Если же говорить о воздействии Политбюро на чисто партийные дела, то здесь просматривались две тенденции: с одной стороны, с самой вершины партийной власти стимулировалось противопоставление «консерваторов» и «истинных реформаторов», а с другой – наблюдалось постоянное нежелание своевременно и эффективно осуществлять действительно реформаторские акции. В эти два негативных потока активно вклинивалась леворадикальная печать, благодаря чему в конечном итоге формировался облик всей партии как силы, изжившей себя и неспособной к элементарной перестройке. «Наверху» все это видели, располагали достаточной информацией по конкретным регионам, но и в данном случае срабатывал принцип невмешательства, преподносимый как образец демократизма. Помню, как вместе с отделом организационной работы мы подготовили для рассмотрения в Политбюро документы о катастрофической ситуации, которая складывалась тогда в Компартии Молдавии, когда авторитет ее первого секретаря Гроссу достиг уровня, ниже которого просто невозможно было опускаться. И что же? Разумовский ходил-ходил к генсеку с этими документами, но так ничего и не «выходил». А тем временем стихийное развитие событий подтолкнуло к «саморазрешению» конфликта, разумеется, не с лучшими последствиями. И такие примеры – не единичные.

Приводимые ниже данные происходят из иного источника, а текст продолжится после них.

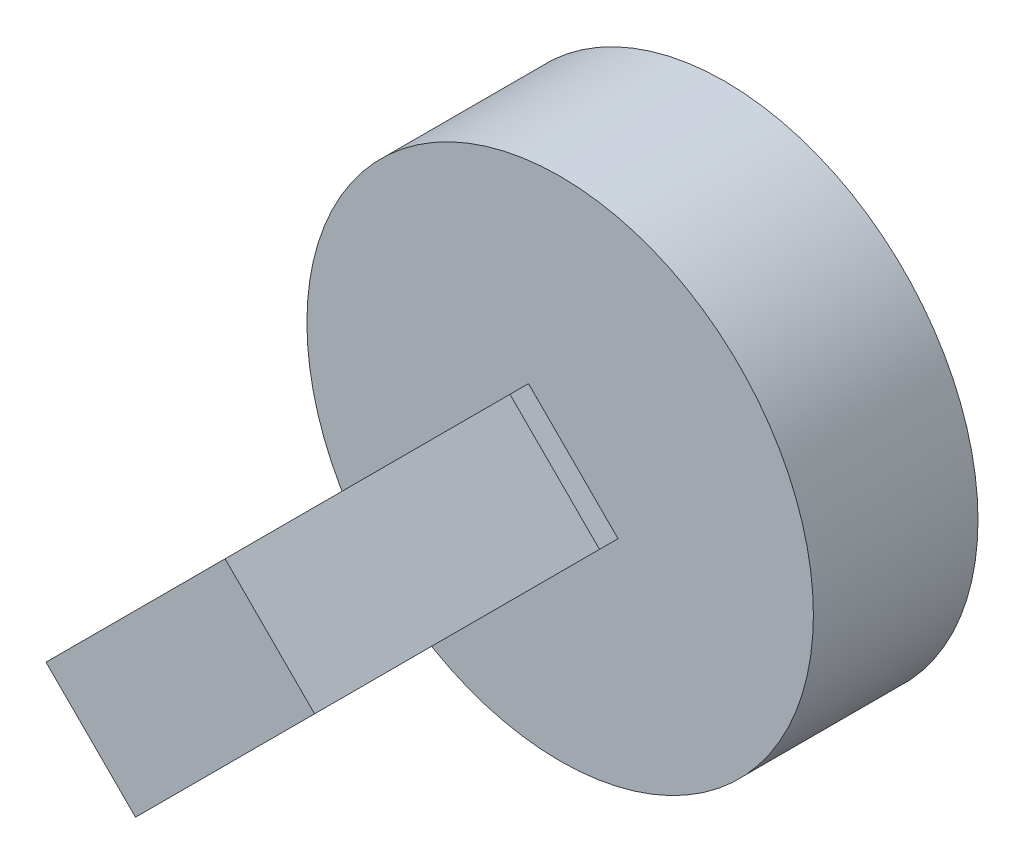
from build123d import *

# Parameters (mm, degrees)
SKETCH_1_R      = 40
EXTRUDE_1_DEPTH = 26
SKETCH_2_R      = 1.5
EXTRUDE_2_DEPTH = 5
EXTRUDE_3_DEPTH = 10
EXTRUDE_4_DEPTH = 45


with BuildPart() as part:
    # 草图1 → 凸台-拉伸1 (new body)
    with BuildSketch(Plane.XY):
        with Locations(Location((0, 0, 0), (0, 0, 180))):
            Circle(SKETCH_1_R)
    extrude(amount=EXTRUDE_1_DEPTH)

    # 草图2 → 凸台-拉伸2 (add)
    with BuildSketch(Plane.XY.offset(26)):
        Circle(SKETCH_2_R)
    extrude(amount=EXTRUDE_2_DEPTH)

    # 草图3 → 凸台-拉伸3 (add)
    with BuildSketch(Plane.XY.offset(31)):
        Polygon((0, 14.14), (14.14, 0), (0, -14.14), (-14.14, 0), align=None)
    extrude(amount=EXTRUDE_3_DEPTH)

    # 草图5 → 凸台-拉伸4 (add)
    with BuildSketch(Plane.XY.offset(41)):
        Polygon((0, -14.14), (-14.14, 0), (-21.213203436, -7.073203436), (-7.073203436, -21.213203436), align=None)
        Polygon((7.073203436, 21.213203436), (0, 14.14), (14.14, 0), (21.213203436, 7.073203436), align=None)
        Polygon((14.14, 0), (0, 14.14), (-14.14, 0), (0, -14.14), align=None)
    extrude(amount=EXTRUDE_4_DEPTH)


solid = part.part

Деструктивные процессы набирали силу в экономике, социально-политической сфере, межнациональных отношениях. На этом фоне Горбачев стремился провалы внутри страны компенсировать внешнеполитическими рассуждениями об общечеловеческих ценностях.
Именно в это время применительно к советскому лидеру получили наибольшее распространение альтернативные оценочные определения: с одной стороны – негативная «горбачевщина» внутри страны, а с другой – гипертрофированная, ласкающе-слащавая «горбомания» за рубежом, граничащая с «обновленческим мессианством». Запад и прежде всего Рейган вовремя сумели разглядеть его «реформаторское начало», обнаружить его амбициозные и честолюбивые устремления, что и позволило им использовать все это в своих интересах.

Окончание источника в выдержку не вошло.